Where do we go from here?
Having studied long COVID since the start of the pandemic, I often hear people with long COVID say they want treatments for their often debilitating conditions. Many people suffer from chronic symptoms that significantly affect their quality of life and ability to work.
Unfortunately, I have no illusions about the difficulty of finding treatments for long COVIDs. For one thing, I don’t think viral persistence is the only underlying cause of post-COVID sequelae. Studies have implicated blood clotting problems and a new autoimmune disease as other possible causes. Still, SARS-CoV-2 antivirals will likely be very important to add to the treatment arsenal after more research into their safety and effectiveness.

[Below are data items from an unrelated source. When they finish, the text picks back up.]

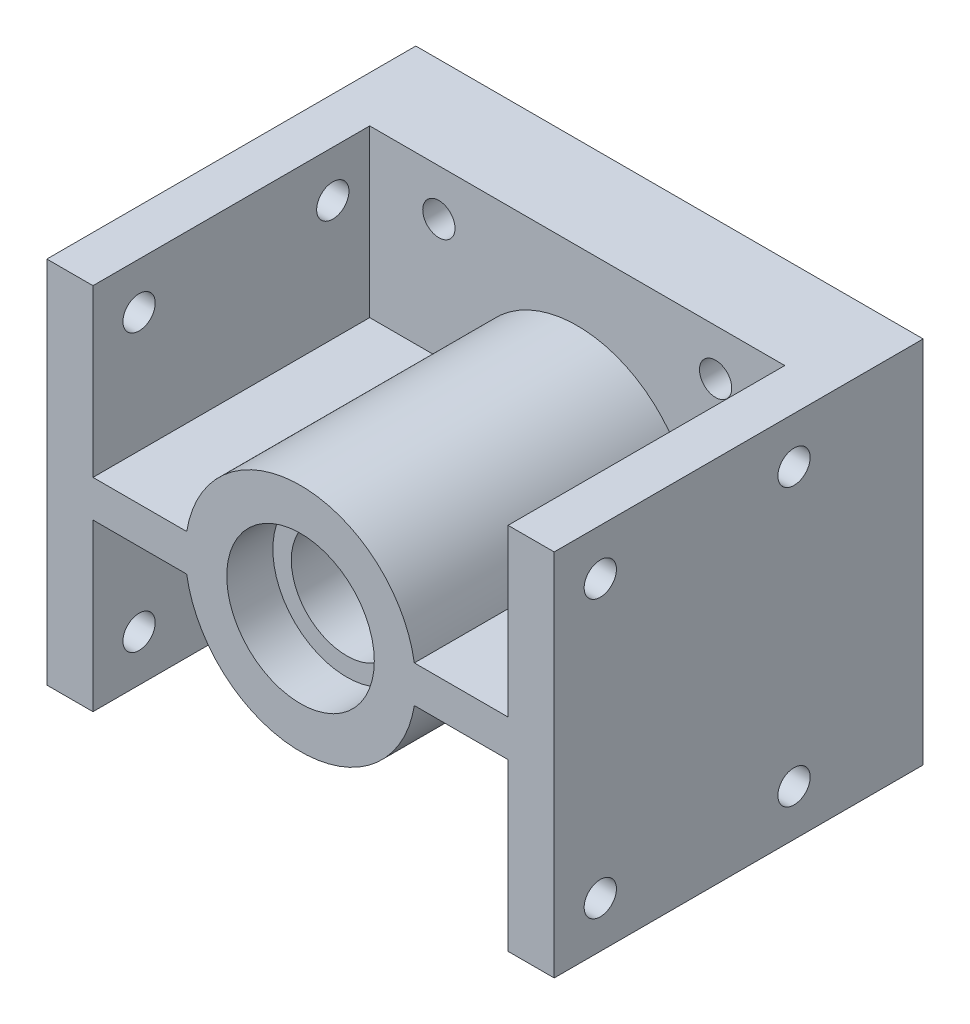
SolidWorks part; units mm, degrees
ref_plane "Front Plane" through (0, 0, 0) normal (0, 0, 1) x (1, 0, 0)
ref_plane "Top Plane" through (0, 0, 0) normal (0, 1, 0) x (1, 0, 0)
ref_plane "Right Plane" through (0, 0, 0) normal (1, 0, 0) x (0, 0, -1)
sketch "Sketch1" plane through (0, 0, 0) normal (0, 0, 1) x (1, 0, 0)
  line L1 (-22.5, 20) -> (22.5, 20)
  line L2 (-22.5, 20) -> (-22.5, -20)
  line L3 (-22.5, -20) -> (22.5, -20)
  line L4 (22.5, 20) -> (22.5, -20)
  line L5 (-22.5, 20) -> (22.5, -20) construction
  line L6 (-22.5, -20) -> (22.5, 20) construction
  point P0 (0, 0)
  dimension "D1" = 45
  dimension "D2" = 40
extrude "Boss-Extrude1" add sketch "Sketch1" along normal blind 10
sketch "Sketch2" plane through (0, 0, 0) normal (0, 0, 1) x (1, 0, 0)
  line L0 (0, 4.5451) -> (0, 0) construction
  line L1 (-27.5, 20) -> (-22.5, 20)
  line L2 (-27.5, 20) -> (-27.5, -20)
  line L3 (-27.5, -20) -> (-22.5, -20)
  line L4 (-22.5, 20) -> (-22.5, -20)
  line L5 (-27.5, 20) -> (-22.5, -20) construction
  line L6 (-27.5, -20) -> (-22.5, 20) construction
  line L7 (27.5, -20) -> (22.5, 20) construction
  line L8 (27.5, 20) -> (22.5, -20) construction
  line L9 (22.5, 20) -> (22.5, -20)
  line L10 (27.5, -20) -> (22.5, -20)
  line L11 (27.5, 20) -> (27.5, -20)
  line L12 (27.5, 20) -> (22.5, 20)
  point P0 (-25, 0)
  point P13 (25, 0)
  dimension "D1" = 5
  dimension "D2" = 5
  dimension "D3" = 5
extrude "Boss-Extrude2" add sketch "Sketch2" along normal blind 40
sketch "Sketch3" plane through (0, 0, 10) normal (0, 0, 1) x (1, 0, 0)
  circle A0 centre (0, 0) radius 12.5
  dimension "D1" = 25
extrude "Boss-Extrude3" add sketch "Sketch3" along normal blind 30
sketch "Sketch4" plane through (0, 0, 0) normal (0, 0, -1) x (-1, 0, 0)
  circle A0 centre (0, 0) radius 6
  dimension "D1" = 12
extrude "Cut-Extrude1" cut sketch "Sketch4" against normal through all
sketch "Sketch5" plane through (0, 0, 40) normal (0, 0, 1) x (1, 0, 0)
  circle A0 centre (0, 0) radius 8
  dimension "D1" = 16
extrude "Cut-Extrude2" cut sketch "Sketch5" against normal blind 5
sketch "Sketch6" plane through (0, 0, 0) normal (0, 0, -1) x (-1, 0, 0)
  line L0 (3.1808, 0) -> (0, 0) construction
  line L1 (0, 0) -> (0, 3.7375) construction
  circle A0 centre (-15, 15) radius 1.75
  circle A1 centre (15, 15) radius 1.75
  circle A2 centre (15, -15) radius 1.75
  circle A3 centre (-15, -15) radius 1.75
  dimension "D1" = 3.5
  dimension "D2" = 15
  dimension "D3" = 15
extrude "Cut-Extrude3" cut sketch "Sketch6" against normal through all
sketch "Sketch7" plane through (0, 0, 10) normal (0, 0, 1) x (1, 0, 0)
  line L0 (-22.5, -20) -> (-22.5, 20) construction
  line L1 (-22.5, 2) -> (-11.5, 2)
  line L2 (-22.5, 2) -> (-22.5, -2)
  line L3 (-22.5, -2) -> (-11.5, -2)
  line L4 (-11.5, 2) -> (-11.5, -2)
  line L5 (0, -1.3447) -> (0, 0) construction
  line L6 (11.5, 2) -> (11.5, -2)
  line L7 (22.5, -2) -> (11.5, -2)
  line L8 (22.5, 2) -> (22.5, -2)
  line L9 (22.5, 2) -> (11.5, 2)
  point P6 (-11.5, 0)
  dimension "D1" = 4
  dimension "D2" = 11
extrude "Boss-Extrude4" add sketch "Sketch7" along normal blind 30
sketch "Sketch8" plane through (-27.5, 0, 0) normal (-1, 0, 0) x (0, 0, 1)
  line L0 (40, 20) -> (0, 20) construction
  line L1 (40, 20) -> (40, -20) construction
  line L2 (10.1617, 0) -> (21.551, 0) construction
  line L3 (0, 20) -> (0, -20) construction
  circle A0 centre (35, 15) radius 1.75
  circle A1 centre (35, -15) radius 1.75
  circle A2 centre (14, 15) radius 1.75
  circle A3 centre (14, -15) radius 1.75
  dimension "D1" = 3.5
  dimension "D4" = 3.5
  dimension "D2" = 5
  dimension "D3" = 5
  dimension "D5" = 14
extrude "Cut-Extrude4" cut sketch "Sketch8" against normal through all
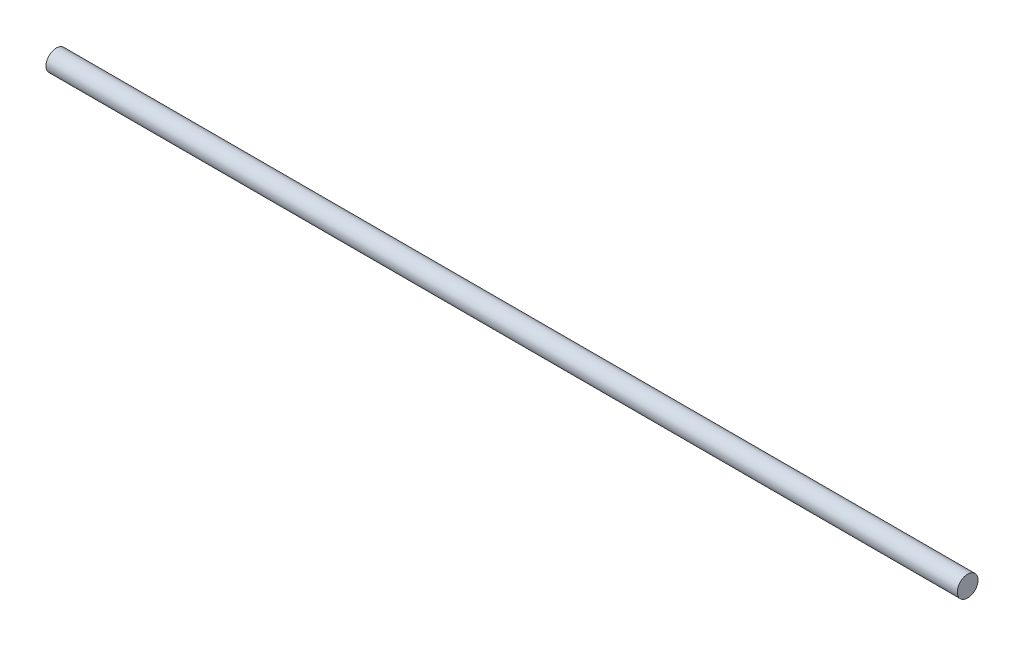
SolidWorks part; units mm, degrees
material "Thornel Mat VMA"
ref_plane "Front Plane" through (0, 0, 0) normal (0, 0, 1) x (1, 0, 0)
ref_plane "Top Plane" through (0, 0, 0) normal (0, 1, 0) x (1, 0, 0)
ref_plane "Right Plane" through (0, 0, 0) normal (1, 0, 0) x (0, 0, -1)
sketch "Sketch1" plane through (0, 0, 0) normal (0, 1, 0) x (1, 0, 0)
  line L1 (0, 0) -> (1117.6, 0)
  line L2 (0, 0) -> (0, 12.7)
  line L3 (0, 12.7) -> (1117.6, 12.7)
  line L4 (1117.6, 0) -> (1117.6, 12.7)
  point P9 (1193.5312, 55.9281)
  point P10 (1152.4144, 56.2679)
  point P11 (1154.7931, 68.8408)
  point P12 (1155.7084, 72.4845)
  point P13 (1161.5892, 51.8504)
  dimension "D1" = 1117.6
  dimension "D2" = 12.7
revolve "Revolve1" add sketch "Sketch1" angle 360 about L1
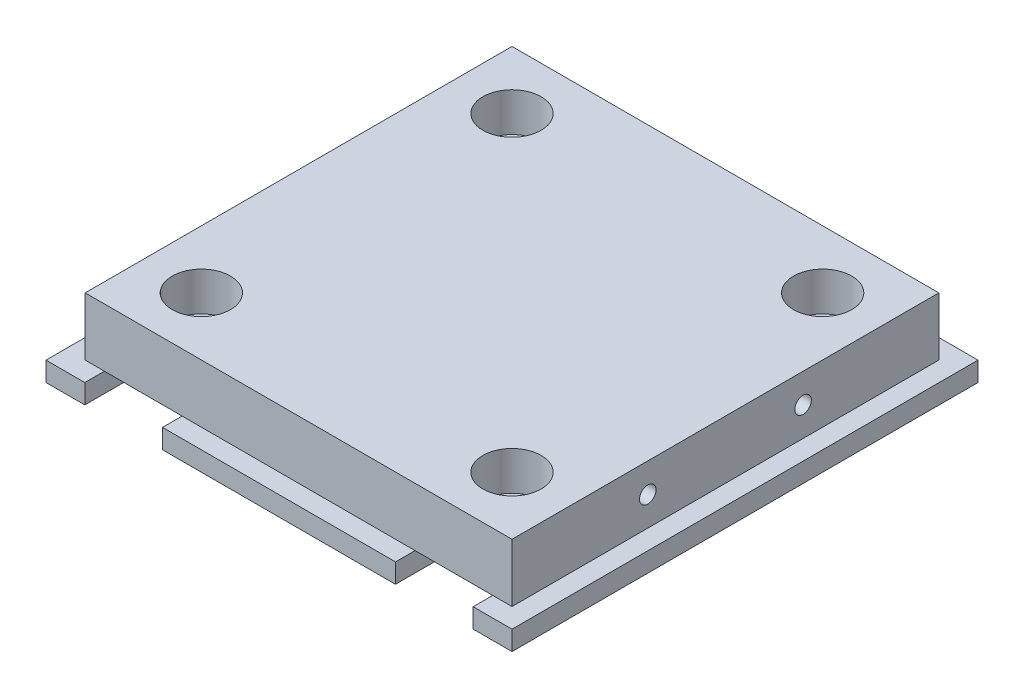
SolidWorks part; units mm, degrees
material "6061-T6 (SS)"
ref_plane "Front Plane" through (0, 0, 0) normal (0, 0, 1) x (1, 0, 0)
ref_plane "Top Plane" through (0, 0, 0) normal (0, 1, 0) x (1, 0, 0)
ref_plane "Right Plane" through (0, 0, 0) normal (1, 0, 0) x (0, 0, -1)
sketch "Sketch1" plane through (0, 0, 0) normal (0, 1, 0) x (1, 0, 0)
  line L1 (-38.1, -38.1) -> (38.1, -38.1)
  line L2 (-38.1, -38.1) -> (-38.1, 38.1)
  line L3 (-38.1, 38.1) -> (38.1, 38.1)
  line L4 (38.1, -38.1) -> (38.1, 38.1)
  line L5 (-38.1, -38.1) -> (38.1, 38.1) construction
  line L6 (-38.1, 38.1) -> (38.1, -38.1) construction
  point P0 (0, 0)
  dimension "D1" = 76.2
  dimension "D2" = 76.2
extrude "Boss-Extrude1" add sketch "Sketch1" along normal blind 3.175
sketch "Sketch2" plane through (0, 3.175, 0) normal (0, 1, 0) x (1, 0, 0)
  line L0 (-38.1, 38.1) -> (-38.1, -38.1) construction
  line L1 (34.8971, -34.8971) -> (-34.8971, -34.8971)
  line L2 (34.8971, -34.8971) -> (34.8971, 34.8971)
  line L3 (34.8971, 34.8971) -> (-34.8971, 34.8971)
  line L4 (-34.8971, -34.8971) -> (-34.8971, 34.8971)
  line L5 (34.8971, -34.8971) -> (-34.8971, 34.8971) construction
  line L6 (34.8971, 34.8971) -> (-34.8971, -34.8971) construction
  line L7 (28.5471, -28.5471) -> (-28.5471, -28.5471)
  line L8 (28.5471, -28.5471) -> (28.5471, 28.5471)
  line L9 (28.5471, 28.5471) -> (-28.5471, 28.5471)
  line L10 (-28.5471, -28.5471) -> (-28.5471, 28.5471)
  line L11 (28.5471, -28.5471) -> (-28.5471, 28.5471) construction
  line L12 (28.5471, 28.5471) -> (-28.5471, -28.5471) construction
  line L14 (38.1, 38.1) -> (-38.1, 38.1) construction
  point P0 (0, 0)
  point P6 (0, 0)
  dimension "D1" = 3.2029
  dimension "D2" = 3.2029
  dimension "D3" = 6.35
extrude "Boss-Extrude2" add sketch "Sketch2" along normal blind 9.525 contours L10 L7 L8 L9 | L4 L1 L2 L3 L7 L10 L9 L8
sketch "Sketch8" plane through (34.8971, 0, 0) normal (1, 0, 0) x (0, 0, -1)
  line L0 (-38.1, 3.175) -> (38.1, 3.175) construction
  point P0 (-12.7, 7.9375)
  dimension "D1" = 4.7625
  dimension "D2" = 12.7
hole_wizard "#6-32 Tapped Hole2" positions "Sketch10" profile "Sketch9" tap size "#6-32" standard "ANSI Inch"
sketch "Sketch10" plane through (34.8971, 0, 0) normal (1, 0, 0) x (0, 0, -1)
  point P0 (-12.7, 7.9375)
cosmetic thread "Hole Thread1" parameters "D1"=4.7346, "D2"=3.5052
sketch "Sketch9" plane through (34.8971, 7.9375, 12.7) normal (0, 1, 0) x (0, 0, -1)
  line L0 (0, 0) -> (0, 11.9887)
  line L1 (0, 11.9887) -> (1.3525, 11.176)
  line L2 (1.3525, 11.176) -> (1.3525, 0)
  line L5 (1.3525, 0) -> (0, 0)
  line L10 (0, 11.9887) -> (-1.3526, 11.176) construction
  line L11 (0, -6.35) -> (0, 107.95) construction
  dimension "Tap Drill Dia." = 2.7051
  dimension "Tap Drill Depth" = 11.176
  dimension "Drill Angle" = 118
mirror "Mirror1" about plane through (0, 0, 0) normal (0, 0, 1) of "#6-32 Tapped Hole2"
mirror "Mirror2" about plane through (0, 0, 0) normal (1, 0, 0) of "Mirror1", "#6-32 Tapped Hole2"
sketch "Sketch13" plane through (0, 0, 0) normal (0, -1, 0) x (1, 0, 0)
  line L0 (-38.1, 38.1) -> (38.1, 38.1) construction
  line L1 (-31.75, 38.1) -> (-19.05, 38.1)
  line L2 (-31.75, 38.1) -> (-31.75, -38.1)
  line L3 (-31.75, -38.1) -> (-19.05, -38.1)
  line L4 (-19.05, 38.1) -> (-19.05, -38.1)
  line L5 (38.1, -38.1) -> (-38.1, -38.1) construction
  line L6 (38.1, 38.1) -> (38.1, -38.1) construction
  line L7 (19.05, 38.1) -> (31.75, 38.1)
  line L8 (19.05, 38.1) -> (19.05, -38.1)
  line L9 (19.05, -38.1) -> (31.75, -38.1)
  line L10 (31.75, 38.1) -> (31.75, -38.1)
  line L11 (-38.1, -38.1) -> (-38.1, 38.1) construction
  line M2 (38.1, 38.1) -> (-38.1, 38.1)
  line M4 (-38.1, -38.1) -> (38.1, -38.1)
  dimension "D1" = 12.7
  dimension "D2" = 12.7
  dimension ".25" = 6.35
  dimension "D4" = 6.35
extrude "Cut-Extrude1" cut sketch "Sketch13" against normal blind 3.175 contours L4 L2 M2 M4 | L10 L8 M2 M4
sketch "Sketch15" plane through (0, 3.175, 0) normal (0, -1, 0) x (1, 0, 0)
  line L0 (-31.75, 34.8971) -> (-31.75, -34.8971) construction
  line L1 (31.75, 34.8971) -> (31.75, -34.8971) construction
  circle A0 centre (-25.4, 25.4) radius 2.5527
  circle A1 centre (25.4, 25.4) radius 2.5527
  circle A2 centre (25.4, -25.4) radius 2.5527
  circle A3 centre (-25.4, -25.4) radius 2.5527
  point P0 (25.4, 25.4)
  point P1 (25.4, -25.4)
  point P2 (-25.4, 25.4)
  point P3 (-25.4, -25.4)
  dimension "D5" = 5.1054
  dimension "D1" = 25.4
  dimension "D2" = 25.4
  dimension "D3" = 6.35
  dimension "D4" = 6.35
extrude "Cut-Extrude2" cut sketch "Sketch15" against normal through all
sketch "Sketch17" plane through (0, 12.7, 0) normal (0, 1, 0) x (1, 0, 0)
  circle A0 centre (-25.4, 25.4) radius 4.7625
  circle A1 centre (25.4, 25.4) radius 4.7625
  circle A2 centre (25.4, -25.4) radius 4.7625
  circle A3 centre (-25.4, -25.4) radius 4.7625
  dimension "D1" = 9.525
extrude "Cut-Extrude3" cut sketch "Sketch17" against normal blind 6.35
equation "\"D2@Sketch2\"=\"D1@Sketch2\""
equation "\"D2@Sketch1\"=\"D1@Sketch1\""
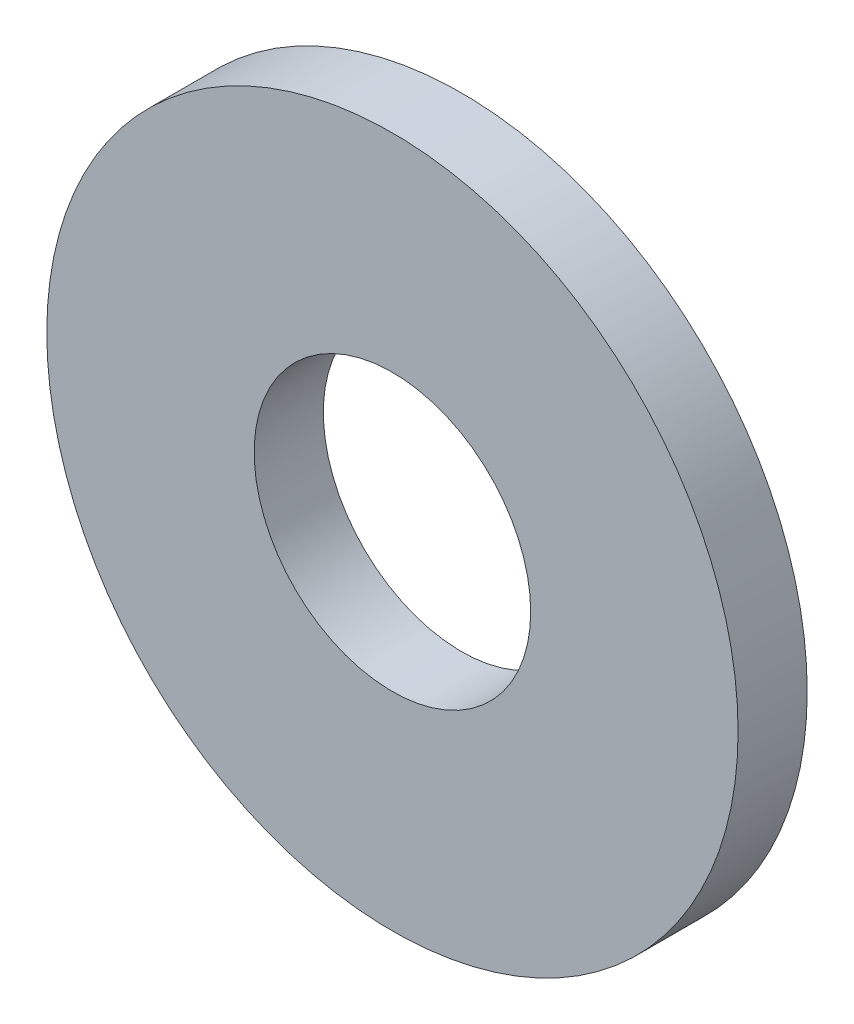
SolidWorks part; units mm, degrees
material "Delrin 2700 NC010, Low Viscosity Acetal Copolymer (SS)"
ref_plane "Front Plane" through (0, 0, 0) normal (0, 0, 1) x (1, 0, 0)
ref_plane "Top Plane" through (0, 0, 0) normal (0, 1, 0) x (1, 0, 0)
ref_plane "Right Plane" through (0, 0, 0) normal (1, 0, 0) x (0, 0, -1)
sketch "Sketch1" plane through (0, 0, 0) normal (0, 0, 1) x (1, 0, 0)
  circle A0 centre (0, 0) radius 7.9375
  circle A1 centre (0, 0) radius 3.175
  dimension "D1" = 15.875
  dimension "ID" = 6.35
extrude "Extrude1" add sketch "Sketch1" along normal mid plane 1.5875
sketch "Sketch2" plane through (0, 0, 0) normal (1, 0, 0) x (0, 0, -1)
  line L0 (-0.7937, -3.175) -> (0.7937, -3.175) construction
  line L3 (0.7937, 3.175) -> (-0.7937, 3.175) construction
  line L5 (-0.7937, -3.175) -> (0.7937, -3.175)
  line L6 (0.7937, 3.175) -> (-0.7937, 3.175)
sketch "Sketch4" plane through (0, 0, 0.7937) normal (0, 0, 1) x (1, 0, 0)
  line L0 (0, 0) -> (-2.2451, 2.2451)
  line L1 (0, -0.8731) -> (0, 0.8731) construction
  circle A0 centre (0, 0) radius 3.175 construction
  dimension "D1" = 45

We have many questions that need to be answered as a research community. Mechanically, we need to know the proportion of long-term COVID patients who might have a persistent viral reservoir through repeated testing of nasal swabs and stool specimens. We also need to determine whether the viral life cycle of SARS-CoV-2 differs in subtle ways depending on the cell type it infects (lung vs gut vs brain, etc.); this could point us towards new antiviral targets. Finally, we need to differentiate how long COVID immune disruptions may be related to viral persistence versus autoimmunity. Clinically, there is a clear need to test Merck’s antiviral nirmatrelvir/ritonavir and molnupiravir in clinical trials to treat long COVID. We need to find out, initially, if changes in dosing strategies or duration of treatment can eliminate long COVID symptoms. However, both antivirals target only one aspect of the SARS-CoV-2 intracellular life cycle and may not be useful in treating all cases. Greater investment in clinical research should be devoted to the development of new SARS-CoV-2-specific antivirals that target multiple aspects of the viral life cycle. This type of research should be undertaken by both public (NIH-funded) and private (pharmaceutical-funded) initiatives, much like what has been done so successfully for the HIV epidemic.
COVID-19 has been incredibly difficult for us to navigate as a society. As an infectious disease immunologist, I believe that the only way to find a way out of this pandemic will be to invest more in treatments rather than limiting ourselves to the development of vaccines alone. I sincerely hope that our medical and scientific communities can face this moment with the urgency it deserves.
Lavanya Visvabharathy, PhD, is a postdoctoral research associate in neurological manifestations of COVID-19 in the Department of Neurology at Northwestern University Feinberg School of Medicine in Chicago.